Сейчас ближайший банк находился в Бетлехеме, это было очень неудобно как для завода, так и для большинства его работников. Джордж считал, что открытие своего банка в Лихай-Стейшн принесет не только пользу, но и выгоду. Люди, мыслящие традиционно, могли бы начать отговаривать его от такой авантюры в это непростое время, когда нет ни подходящих экономических условий, ни уверенности в завтрашнем дне, но Джордж знал точно: большого успеха без риска не бывает.

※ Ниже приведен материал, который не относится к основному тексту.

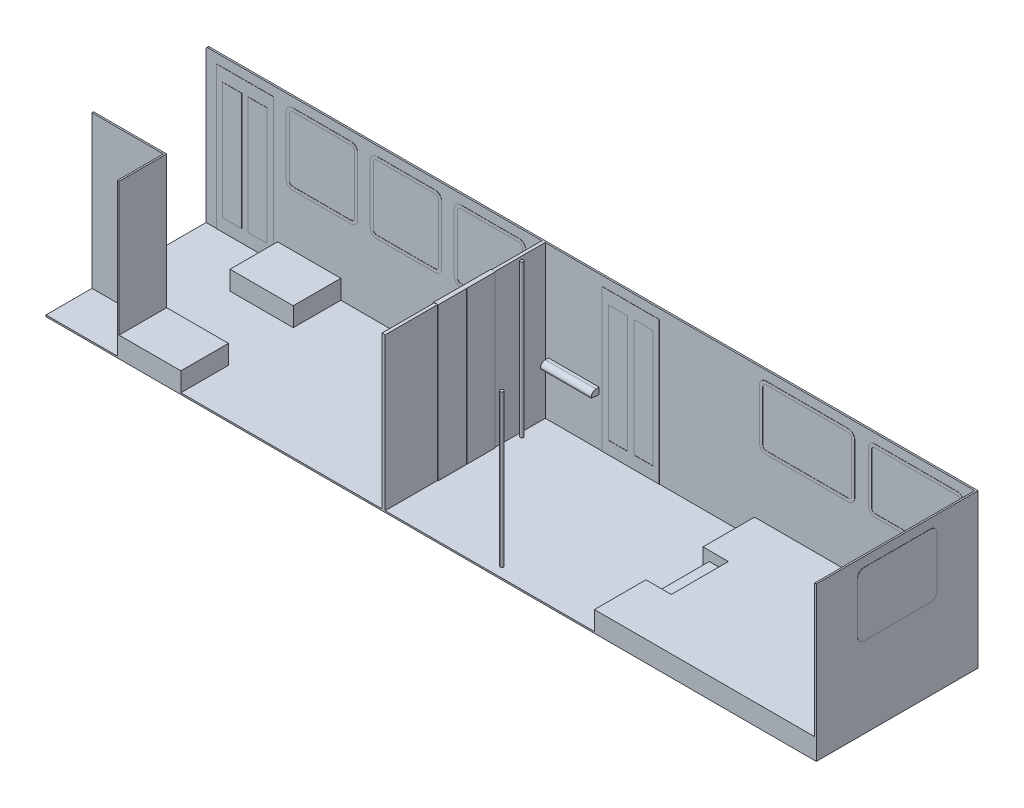
from build123d import *

# Parameters (mm, degrees)
SKETCH2_W            = 12344.4
SKETCH2_H            = 2590.8
BOSS_EXTRUDE1_DEPTH  = 25.4
SKETCH3_W            = 50.8
SKETCH3_H            = 2590.8
BOSS_EXTRUDE2_DEPTH  = 2440.94
BOSS_EXTRUDE4_START  = 10.16
SKETCH4_W            = 914.4
SKETCH4_H            = 2440.94
BOSS_EXTRUDE4_DEPTH  = 71.12
CUT_EXTRUDE1_DEPTH   = 5.08
CUT_EXTRUDE2_START   = -66.04
SKETCH6_W            = 12.7
SKETCH6_H            = 2440.94
CUT_EXTRUDE2_DEPTH   = 5.08
SKETCH8_W            = 71.12
SKETCH8_H            = 914.4
BOSS_EXTRUDE5_DEPTH  = 2.54
SKETCH9_W            = 50.8
SKETCH9_H            = 2440.94
CUT_EXTRUDE4_DEPTH   = 25.4
SKETCH11_W           = 12344.4
SKETCH11_H           = 25.4
BOSS_EXTRUDE6_DEPTH  = 2438.4
FILLET1_R            = 25.4
BOSS_EXTRUDE7_START  = 2.54
SKETCH12_W           = 914.4
SKETCH12_H           = 2286
BOSS_EXTRUDE7_DEPTH  = 30.48
SKETCH13_W           = 304.8
SKETCH13_H           = 1879.6
CUT_EXTRUDE5_DEPTH   = 99.06
BOSS_EXTRUDE9_START  = 2.54
SKETCH17_W           = 304.8
SKETCH17_H           = 1879.6
BOSS_EXTRUDE9_DEPTH  = 25.4
SKETCH20_W           = 3556
SKETCH20_H           = 2565.4
BOSS_EXTRUDE10_DEPTH = 304.8
SKETCH21_W           = 914.4
SKETCH21_H           = 304.8
CUT_EXTRUDE6_DEPTH   = 101.6
SKETCH22_W           = 914.4
SKETCH22_H           = 152.4
CUT_EXTRUDE7_DEPTH   = 304.8
BOSS_EXTRUDE12_START = 2.54
SKETCH25_W           = 914.4
SKETCH25_H           = 2286
SKETCH25_W_2         = 304.8
SKETCH25_H_2         = 1879.6
BOSS_EXTRUDE12_DEPTH = 27.94
BOSS_EXTRUDE13_START = -2.54
SKETCH27_W           = 304.8
SKETCH27_H           = 1879.6
BOSS_EXTRUDE13_DEPTH = 27.94
BOSS_EXTRUDE17_DEPTH = 127
FILLET3_R            = 76.2
CHAMFER2_SIZE        = 101.6
CHAMFER2_SIZE2       = 12.7
SKETCH31_R           = 25.4
BOSS_EXTRUDE18_DEPTH = 2438.4
BOSS_EXTRUDE19_START = 2.54
BOSS_EXTRUDE19_DEPTH = 30.48
CUT_EXTRUDE8_DEPTH   = 2.54
BOSS_EXTRUDE22_START = 2.54
BOSS_EXTRUDE22_DEPTH = 30.48
CUT_EXTRUDE10_DEPTH  = 2.54
SKETCH38_R           = 25.4
BOSS_EXTRUDE23_DEPTH = 2438.4
SKETCH39_W           = 1013.196669231
SKETCH39_H           = 762
SKETCH39_W_2         = 1016
BOSS_EXTRUDE24_DEPTH = 304.8
SKETCH41_W           = 25.4
SKETCH41_H           = 762
BOSS_EXTRUDE25_DEPTH = 2133.6
SKETCH42_W           = 1145.803330769
SKETCH42_H           = 25.4
BOSS_EXTRUDE26_DEPTH = 2438.4
SKETCH43_W           = 25.4
SKETCH43_H           = 2565.4
BOSS_EXTRUDE27_DEPTH = 2133.6
BOSS_EXTRUDE28_START = 2.54
BOSS_EXTRUDE28_DEPTH = 30.48
CUT_EXTRUDE11_DEPTH  = 2.54


with BuildPart() as part:
    # Sketch2 → Boss-Extrude1 (new body)
    with BuildSketch(Plane(origin=(0, 0, 0), x_dir=(1, 0, 0), z_dir=(0, 1, 0))):
        Rectangle(SKETCH2_W, SKETCH2_H)
    extrude(amount=BOSS_EXTRUDE1_DEPTH)

    # Sketch3 → Boss-Extrude2 (add)
    with BuildSketch(Plane(origin=(0, 25.4, 0), x_dir=(1, 0, 0), z_dir=(0, 1, 0))):
        with Locations((-762, 0)):
            Rectangle(SKETCH3_W, SKETCH3_H)
    extrude(amount=BOSS_EXTRUDE2_DEPTH)



with BuildPart() as body_2:
    # Sketch4 → Boss-Extrude4 (new body)
    with BuildSketch(Plane(origin=(-736.6, 0, 0), x_dir=(0, 0, -1), z_dir=(1, 0, 0)).offset(BOSS_EXTRUDE4_START)):
        with Locations((0, 1245.87)):
            Rectangle(SKETCH4_W, SKETCH4_H)
    extrude(amount=-BOSS_EXTRUDE4_DEPTH)

    # Sketch5 → Cut-Extrude1 (cut)
    with BuildSketch(Plane(origin=(-726.44, 0, 0), x_dir=(0, 0, -1), z_dir=(1, 0, 0))):
        Polygon((0, 25.4), (-6.35, 25.4), (-6.35, 2466.34), (0, 2466.34), (6.35, 2466.34), (6.35, 25.4), align=None)
    extrude(amount=-CUT_EXTRUDE1_DEPTH, mode=Mode.SUBTRACT)

    # Sketch6 → Cut-Extrude2 (cut)
    with BuildSketch(Plane(origin=(-731.52, 0, 0), x_dir=(0, 0, -1), z_dir=(1, 0, 0)).offset(CUT_EXTRUDE2_START)):
        with Locations((0, 1245.87)):
            Rectangle(SKETCH6_W, SKETCH6_H)
    extrude(amount=CUT_EXTRUDE2_DEPTH, mode=Mode.SUBTRACT)


with BuildPart() as part_1:
    add(part.part)

    add(body_2.part)  # Boss-Extrude5 merges body 2
    # Sketch8 → Boss-Extrude5 (add)
    with BuildSketch(Plane(origin=(0, 2466.34, 0), x_dir=(1, 0, 0), z_dir=(0, 1, 0))):
        with Locations((-762, 0)):
            Rectangle(SKETCH8_W, SKETCH8_H)
    extrude(amount=BOSS_EXTRUDE5_DEPTH)

    # Sketch9 → Cut-Extrude4 (cut)
    with BuildSketch(Plane(origin=(0, 0, -1295.4), x_dir=(-1, 0, 0), z_dir=(0, 0, -1))):
        with Locations((762, 1245.87)):
            Rectangle(SKETCH9_W, SKETCH9_H)
    extrude(amount=-CUT_EXTRUDE4_DEPTH, mode=Mode.SUBTRACT)

    # Sketch11 → Boss-Extrude6 (add)
    with BuildSketch(Plane(origin=(0, 25.4, 0), x_dir=(1, 0, 0), z_dir=(0, 1, 0))):
        with Locations((0, 1282.7)):
            Rectangle(SKETCH11_W, SKETCH11_H)
    extrude(amount=BOSS_EXTRUDE6_DEPTH)

    # Fillet1
    fillet1_edges = [part_1.edges().sort_by_distance(p)[0] for p in [
        (-6172.2, 2463.8, -1282.7),
    ]]
    fillet(fillet1_edges, radius=FILLET1_R)



with BuildPart() as body_2_2:
    # Sketch12 → Boss-Extrude7 (new body)
    with BuildSketch(Plane.XY.offset(-1270).offset(BOSS_EXTRUDE7_START)):
        with Locations((-5546.504098629, 1168.4)):
            Rectangle(SKETCH12_W, SKETCH12_H)
    extrude(amount=-BOSS_EXTRUDE7_DEPTH)

    # Sketch13 → Cut-Extrude5 (cut)
    with BuildSketch(Plane.XY.offset(-1267.46)):
        with Locations((-5749.704098629, 1168.4)):
            Rectangle(SKETCH13_W, SKETCH13_H)
        with Locations((-5343.304098629, 1168.4)):
            Rectangle(SKETCH13_W, SKETCH13_H)
    extrude(amount=-CUT_EXTRUDE5_DEPTH, mode=Mode.SUBTRACT)


with BuildPart() as part_2:
    add(part_1.part)

    add(body_2_2.part)  # Boss-Extrude9 merges body 2 2
    # Sketch17 → Boss-Extrude9 (add)
    with BuildSketch(Plane.XY.offset(-1267.46).offset(BOSS_EXTRUDE9_START)):
        with Locations((-5749.704098629, 1168.4)):
            Rectangle(SKETCH17_W, SKETCH17_H)
        with Locations((-5343.304098629, 1168.4)):
            Rectangle(SKETCH17_W, SKETCH17_H)
    extrude(amount=-BOSS_EXTRUDE9_DEPTH)

    # Sketch20 → Boss-Extrude10 (add)
    with BuildSketch(Plane(origin=(0, 25.4, 0), x_dir=(1, 0, 0), z_dir=(0, 1, 0))):
        with Locations((4394.2, -12.7)):
            Rectangle(SKETCH20_W, SKETCH20_H)
    extrude(amount=BOSS_EXTRUDE10_DEPTH)

    # Sketch21 → Cut-Extrude6 (cut)
    with BuildSketch(Plane.ZY.offset(-2616.2)):
        with Locations((12.7, 177.8)):
            Rectangle(SKETCH21_W, SKETCH21_H)
    extrude(amount=-CUT_EXTRUDE6_DEPTH, mode=Mode.SUBTRACT)

    # Sketch22 → Cut-Extrude7 (cut)
    with BuildSketch(Plane.ZY.offset(-2717.8)):
        with Locations((12.7, 254)):
            Rectangle(SKETCH22_W, SKETCH22_H)
    extrude(amount=-CUT_EXTRUDE7_DEPTH, mode=Mode.SUBTRACT)



with BuildPart() as body_2_3:
    # Sketch25 → Boss-Extrude12 (new body)
    with BuildSketch(Plane.XY.offset(-1270).offset(BOSS_EXTRUDE12_START)):
        with Locations((635, 1168.4)):
            Rectangle(SKETCH25_W, SKETCH25_H)
        with Locations((431.8, 1168.4)):
            Rectangle(SKETCH25_W_2, SKETCH25_H_2, mode=Mode.SUBTRACT)
        with Locations((838.2, 1168.4)):
            Rectangle(SKETCH25_W_2, SKETCH25_H_2, mode=Mode.SUBTRACT)
    extrude(amount=-BOSS_EXTRUDE12_DEPTH)


with BuildPart() as part_3:
    add(part_2.part)

    add(body_2_3.part)  # Boss-Extrude13 merges body 2 3
    # Sketch27 → Boss-Extrude13 (add)
    with BuildSketch(Plane.XY.offset(-1267.46).offset(BOSS_EXTRUDE13_START)):
        with Locations((431.8, 1168.4)):
            Rectangle(SKETCH27_W, SKETCH27_H)
    extrude(amount=-BOSS_EXTRUDE13_DEPTH)

    # Sketch28 → Boss-Extrude17 (add)
    with BuildSketch(Plane.XY.offset(-1270)):
        Polygon((127, 889), (-685.8, 889), (-685.8, 787.4), (-401.010587735, 787.4), (127, 787.4), align=None)
    extrude(amount=BOSS_EXTRUDE17_DEPTH)

    # Fillet3
    fillet3_edges = [part_3.edges().sort_by_distance(p)[0] for p in [
        (-279.4, 889, -1143),
    ]]
    fillet(fillet3_edges, radius=FILLET3_R)

    # Chamfer2
    chamfer2_edges = [part_3.edges().sort_by_distance(p)[0] for p in [
        (-279.4, 787.4, -1143),
    ]]
    chamfer2_side = [part_3.faces().sort_by_distance(p)[0] for p in [
        (-279.4, 787.4, -1206.5),
    ]]
    chamfer(chamfer2_edges, length=CHAMFER2_SIZE, length2=CHAMFER2_SIZE2, reference=chamfer2_side[0])

    # Sketch31 → Boss-Extrude18 (add)
    with BuildSketch(Plane(origin=(0, 25.4, 0), x_dir=(1, 0, 0), z_dir=(0, 1, 0))):
        with Locations(Location((-670.554621651, 827.918015875, 0), (0, 0, 90))):
            Circle(SKETCH31_R)
    extrude(amount=BOSS_EXTRUDE18_DEPTH)

    # Sketch32 → Boss-Extrude19 (add)
    # profile 1 of 3: a face of its own
    with BuildSketch(Plane.XY.offset(-1270).offset(BOSS_EXTRUDE19_START)):
        with BuildLine():
            Line((-4784.504098629, 2311.4), (-3844.704098629, 2311.4))
            ThreePointArc((-3844.704098629, 2311.4), (-3772.86204966, 2281.642048969), (-3743.104098629, 2209.8))
            Line((-3743.104098629, 2209.8), (-3743.104098629, 1270))
            ThreePointArc((-3743.104098629, 1270), (-3772.86204966, 1198.157951031), (-3844.704098629, 1168.4))
            Line((-3844.704098629, 1168.4), (-4784.504098629, 1168.4))
            ThreePointArc((-4784.504098629, 1168.4), (-4856.346147597, 1198.157951031), (-4886.104098629, 1270))
            Line((-4886.104098629, 1270), (-4886.104098629, 2209.8))
            ThreePointArc((-4886.104098629, 2209.8), (-4856.346147597, 2281.642048969), (-4784.504098629, 2311.4))
        make_face()
    # profile 2 of 3: a face of its own
    with BuildSketch(Plane.XY.offset(-1270).offset(BOSS_EXTRUDE19_START)):
        with BuildLine():
            Line((-3438.304098629, 1168.4), (-2498.504098629, 1168.4))
            ThreePointArc((-2498.504098629, 1168.4), (-2426.66204966, 1198.157951031), (-2396.904098629, 1270))
            Line((-2396.904098629, 1270), (-2396.904098629, 2209.8))
            ThreePointArc((-2396.904098629, 2209.8), (-2426.66204966, 2281.642048969), (-2498.504098629, 2311.4))
            Line((-2498.504098629, 2311.4), (-3438.304098629, 2311.4))
            ThreePointArc((-3438.304098629, 2311.4), (-3510.146147597, 2281.642048969), (-3539.904098629, 2209.8))
            Line((-3539.904098629, 2209.8), (-3539.904098629, 1270))
            ThreePointArc((-3539.904098629, 1270), (-3510.146147597, 1198.157951031), (-3438.304098629, 1168.4))
        make_face()
        with BuildLine():
            Line((-3489.104098629, 1270), (-3489.104098629, 2209.8))
            ThreePointArc((-3489.104098629, 2209.8), (-3474.225123113, 2245.721024484), (-3438.304098629, 2260.6))
            Line((-3438.304098629, 2260.6), (-2498.504098629, 2260.6))
            ThreePointArc((-2498.504098629, 2260.6), (-2462.583074144, 2245.721024484), (-2447.704098629, 2209.8))
            Line((-2447.704098629, 2209.8), (-2447.704098629, 1270))
            ThreePointArc((-2447.704098629, 1270), (-2462.583074144, 1234.078975516), (-2498.504098629, 1219.2))
            Line((-2498.504098629, 1219.2), (-3438.304098629, 1219.2))
            ThreePointArc((-3438.304098629, 1219.2), (-3474.225123113, 1234.078975516), (-3489.104098629, 1270))
        make_face(mode=Mode.SUBTRACT)
    # profile 3 of 3: a face of its own
    with BuildSketch(Plane.XY.offset(-1270).offset(BOSS_EXTRUDE19_START)):
        with BuildLine():
            Line((-2092.104098629, 1168.4), (-1152.304098629, 1168.4))
            ThreePointArc((-1152.304098629, 1168.4), (-1080.46204966, 1198.157951031), (-1050.704098629, 1270))
            Line((-1050.704098629, 1270), (-1050.704098629, 2209.8))
            ThreePointArc((-1050.704098629, 2209.8), (-1080.46204966, 2281.642048969), (-1152.304098629, 2311.4))
            Line((-1152.304098629, 2311.4), (-2092.104098629, 2311.4))
            ThreePointArc((-2092.104098629, 2311.4), (-2163.946147597, 2281.642048969), (-2193.704098629, 2209.8))
            Line((-2193.704098629, 2209.8), (-2193.704098629, 1270))
            ThreePointArc((-2193.704098629, 1270), (-2163.946147597, 1198.157951031), (-2092.104098629, 1168.4))
        make_face()
        with BuildLine():
            Line((-2142.904098629, 1270), (-2142.904098629, 2209.8))
            ThreePointArc((-2142.904098629, 2209.8), (-2128.025123113, 2245.721024484), (-2092.104098629, 2260.6))
            Line((-2092.104098629, 2260.6), (-1152.304098629, 2260.6))
            ThreePointArc((-1152.304098629, 2260.6), (-1116.383074144, 2245.721024484), (-1101.504098629, 2209.8))
            Line((-1101.504098629, 2209.8), (-1101.504098629, 1270))
            ThreePointArc((-1101.504098629, 1270), (-1116.383074144, 1234.078975516), (-1152.304098629, 1219.2))
            Line((-1152.304098629, 1219.2), (-2092.104098629, 1219.2))
            ThreePointArc((-2092.104098629, 1219.2), (-2128.025123113, 1234.078975516), (-2142.904098629, 1270))
        make_face(mode=Mode.SUBTRACT)
    extrude(amount=-BOSS_EXTRUDE19_DEPTH)

    # Sketch34 → Cut-Extrude8 (cut)
    with BuildSketch(Plane.XY.offset(-1267.46)):
        with BuildLine():
            Line((-4835.304098629, 2209.8), (-4835.304098629, 1270))
            ThreePointArc((-4835.304098629, 1270), (-4820.425123113, 1234.078975516), (-4784.504098629, 1219.2))
            Line((-4784.504098629, 1219.2), (-3844.704098629, 1219.2))
            ThreePointArc((-3844.704098629, 1219.2), (-3808.783074144, 1234.078975516), (-3793.904098629, 1270))
            Line((-3793.904098629, 1270), (-3793.904098629, 2209.8))
            ThreePointArc((-3793.904098629, 2209.8), (-3808.783074144, 2245.721024484), (-3844.704098629, 2260.6))
            Line((-3844.704098629, 2260.6), (-4784.504098629, 2260.6))
            ThreePointArc((-4784.504098629, 2260.6), (-4820.425123113, 2245.721024484), (-4835.304098629, 2209.8))
        make_face()
    extrude(amount=-CUT_EXTRUDE8_DEPTH, mode=Mode.SUBTRACT)

    # Sketch35 → Boss-Extrude22 (add)
    with BuildSketch(Plane.XY.offset(-1270).offset(BOSS_EXTRUDE22_START)):
        with BuildLine():
            Line((5867.4, 2311.4), (4546.6, 2311.4))
            ThreePointArc((4546.6, 2311.4), (4474.757951031, 2281.642048969), (4445, 2209.8))
            Line((4445, 2209.8), (4445, 1397))
            ThreePointArc((4445, 1397), (4474.757951031, 1325.157951031), (4546.6, 1295.4))
            Line((4546.6, 1295.4), (5867.4, 1295.4))
            ThreePointArc((5867.4, 1295.4), (5939.242048969, 1325.157951031), (5969, 1397))
            Line((5969, 1397), (5969, 2209.8))
            ThreePointArc((5969, 2209.8), (5939.242048969, 2281.642048969), (5867.4, 2311.4))
        make_face()
        with BuildLine():
            Line((4122.185317375, 1295.4), (2801.385317375, 1295.4))
            ThreePointArc((2801.385317375, 1295.4), (2729.543268406, 1325.157951031), (2699.785317375, 1397))
            Line((2699.785317375, 1397), (2699.785317375, 2209.8))
            ThreePointArc((2699.785317375, 2209.8), (2729.543268406, 2281.642048969), (2801.385317375, 2311.4))
            Line((2801.385317375, 2311.4), (4122.185317375, 2311.4))
            ThreePointArc((4122.185317375, 2311.4), (4194.027366344, 2281.642048969), (4223.785317375, 2209.8))
            Line((4223.785317375, 2209.8), (4223.785317375, 1397))
            ThreePointArc((4223.785317375, 1397), (4194.027366344, 1325.157951031), (4122.185317375, 1295.4))
        make_face()
    extrude(amount=-BOSS_EXTRUDE22_DEPTH)

    # Sketch37 → Cut-Extrude10 (cut)
    with BuildSketch(Plane.XY.offset(-1267.46)):
        with BuildLine():
            Line((4546.6, 1346.2), (5867.4, 1346.2))
            ThreePointArc((5867.4, 1346.2), (5903.321024484, 1361.078975516), (5918.2, 1397))
            Line((5918.2, 1397), (5918.2, 2209.8))
            ThreePointArc((5918.2, 2209.8), (5903.321024484, 2245.721024484), (5867.4, 2260.6))
            Line((5867.4, 2260.6), (4546.6, 2260.6))
            ThreePointArc((4546.6, 2260.6), (4510.678975516, 2245.721024484), (4495.8, 2209.8))
            Line((4495.8, 2209.8), (4495.8, 1397))
            ThreePointArc((4495.8, 1397), (4510.678975516, 1361.078975516), (4546.6, 1346.2))
        make_face()
        with BuildLine():
            ThreePointArc((4172.985317375, 2209.8), (4158.106341859, 2245.721024484), (4122.185317375, 2260.6))
            Line((4122.185317375, 2260.6), (2801.385317375, 2260.6))
            ThreePointArc((2801.385317375, 2260.6), (2765.464292891, 2245.721024484), (2750.585317375, 2209.8))
            Line((2750.585317375, 2209.8), (2750.585317375, 1397))
            ThreePointArc((2750.585317375, 1397), (2765.464292891, 1361.078975516), (2801.385317375, 1346.2))
            Line((2801.385317375, 1346.2), (4122.185317375, 1346.2))
            ThreePointArc((4122.185317375, 1346.2), (4158.106341859, 1361.078975516), (4172.985317375, 1397))
            Line((4172.985317375, 1397), (4172.985317375, 2209.8))
        make_face()
    extrude(amount=-CUT_EXTRUDE10_DEPTH, mode=Mode.SUBTRACT)

    # Sketch38 → Boss-Extrude23 (add)
    with BuildSketch(Plane(origin=(0, 25.4, 0), x_dir=(1, 0, 0), z_dir=(0, 1, 0))):
        with Locations(Location((969.651232913, -1131.557385348, 0), (0, 0, 90))):
            Circle(SKETCH38_R)
    extrude(amount=BOSS_EXTRUDE23_DEPTH)

    # Sketch39 → Boss-Extrude24 (add)
    with BuildSketch(Plane(origin=(0, 25.4, 0), x_dir=(1, 0, 0), z_dir=(0, 1, 0))):
        with Locations((-4519.798334616, 889)):
            Rectangle(SKETCH39_W, SKETCH39_H)
        with Locations((-4518.396669231, -914.4)):
            Rectangle(SKETCH39_W_2, SKETCH39_H)
    extrude(amount=BOSS_EXTRUDE24_DEPTH)

    # Sketch43 → Boss-Extrude27 (add)
    with BuildSketch(Plane(origin=(0, 330.2, 0), x_dir=(1, 0, 0), z_dir=(0, 1, 0))):
        with Locations((6159.5, -12.7)):
            Rectangle(SKETCH43_W, SKETCH43_H)
    extrude(amount=BOSS_EXTRUDE27_DEPTH)

    # Sketch44 → Boss-Extrude28 (add)
    with BuildSketch(Plane.ZY.offset(-6146.8).offset(BOSS_EXTRUDE28_START)):
        with BuildLine():
            Line((533.4, 2311.4), (-533.4, 2311.4))
            ThreePointArc((-533.4, 2311.4), (-605.242048969, 2281.642048969), (-635, 2209.8))
            Line((-635, 2209.8), (-635, 1397))
            ThreePointArc((-635, 1397), (-605.242048969, 1325.157951031), (-533.4, 1295.4))
            Line((-533.4, 1295.4), (533.4, 1295.4))
            ThreePointArc((533.4, 1295.4), (605.242048969, 1325.157951031), (635, 1397))
            Line((635, 1397), (635, 2209.8))
            ThreePointArc((635, 2209.8), (605.242048969, 2281.642048969), (533.4, 2311.4))
        make_face()
    extrude(amount=-BOSS_EXTRUDE28_DEPTH)

    # Sketch47 → Cut-Extrude11 (cut)
    with BuildSketch(Plane.ZY.offset(-6144.26)):
        with BuildLine():
            Line((533.4, 2260.6), (-533.4, 2260.6))
            ThreePointArc((-533.4, 2260.6), (-569.321024484, 2245.721024484), (-584.2, 2209.8))
            Line((-584.2, 2209.8), (-584.2, 1397))
            ThreePointArc((-584.2, 1397), (-569.321024484, 1361.078975516), (-533.4, 1346.2))
            Line((-533.4, 1346.2), (533.4, 1346.2))
            ThreePointArc((533.4, 1346.2), (569.321024484, 1361.078975516), (584.2, 1397))
            Line((584.2, 1397), (584.2, 2209.8))
            ThreePointArc((584.2, 2209.8), (569.321024484, 2245.721024484), (533.4, 2260.6))
        make_face()
    extrude(amount=-CUT_EXTRUDE11_DEPTH, mode=Mode.SUBTRACT)


with BuildPart() as body_2_4:
    # Sketch41 → Boss-Extrude25 (new body)
    with BuildSketch(Plane(origin=(0, 330.2, 0), x_dir=(1, 0, 0), z_dir=(0, 1, 0))):
        with Locations((-5013.696669231, -914.4)):
            Rectangle(SKETCH41_W, SKETCH41_H)
    extrude(amount=BOSS_EXTRUDE25_DEPTH)


with BuildPart() as body_3:
    # Sketch42 → Boss-Extrude26 (new body)
    with BuildSketch(Plane(origin=(0, 25.4, 0), x_dir=(1, 0, 0), z_dir=(0, 1, 0))):
        with Locations((-5599.298334616, -546.1)):
            Rectangle(SKETCH42_W, SKETCH42_H)
    extrude(amount=BOSS_EXTRUDE26_DEPTH)


solid = Compound([part_3.part, body_2_4.part, body_3.part])

Согласно пересмотренному закону штата Пенсильвания о банковском деле 1824 года, новый банк получал лицензию на двадцать лет и должен был возглавляться советом из тринадцати директоров, которые были бы гражданами США, а также его акционерами. Чтобы подготовить все необходимые документы для получения лицензии и регистрации банка в легислатуре штата, Джорджу и его местному юристу Юпитеру Смиту нужно было потратить массу времени.
И все же Джордж сидел на этом собрании, потому что был единственным человеком в городе, кто участвовал в Мексиканской кампании, и все присутствующие жаждали услышать от него пламенную речь о величии и славе войны. Что ж, он подаст им желаемое блюдо и постарается не чувствовать себя слишком виноватым при этом. Он не осмелится сказать, чему на самом деле научился в Мексике, когда они с Орри Мэйном воевали там. Ничего величественного и тем более ничего прекрасного в войне нет, все это только пустословие тех, кто никогда не бывал на полях сражений. Сам Джордж запомнил на войне только грязь, неразбериху, скуку, одиночество и иногда жуткий страх.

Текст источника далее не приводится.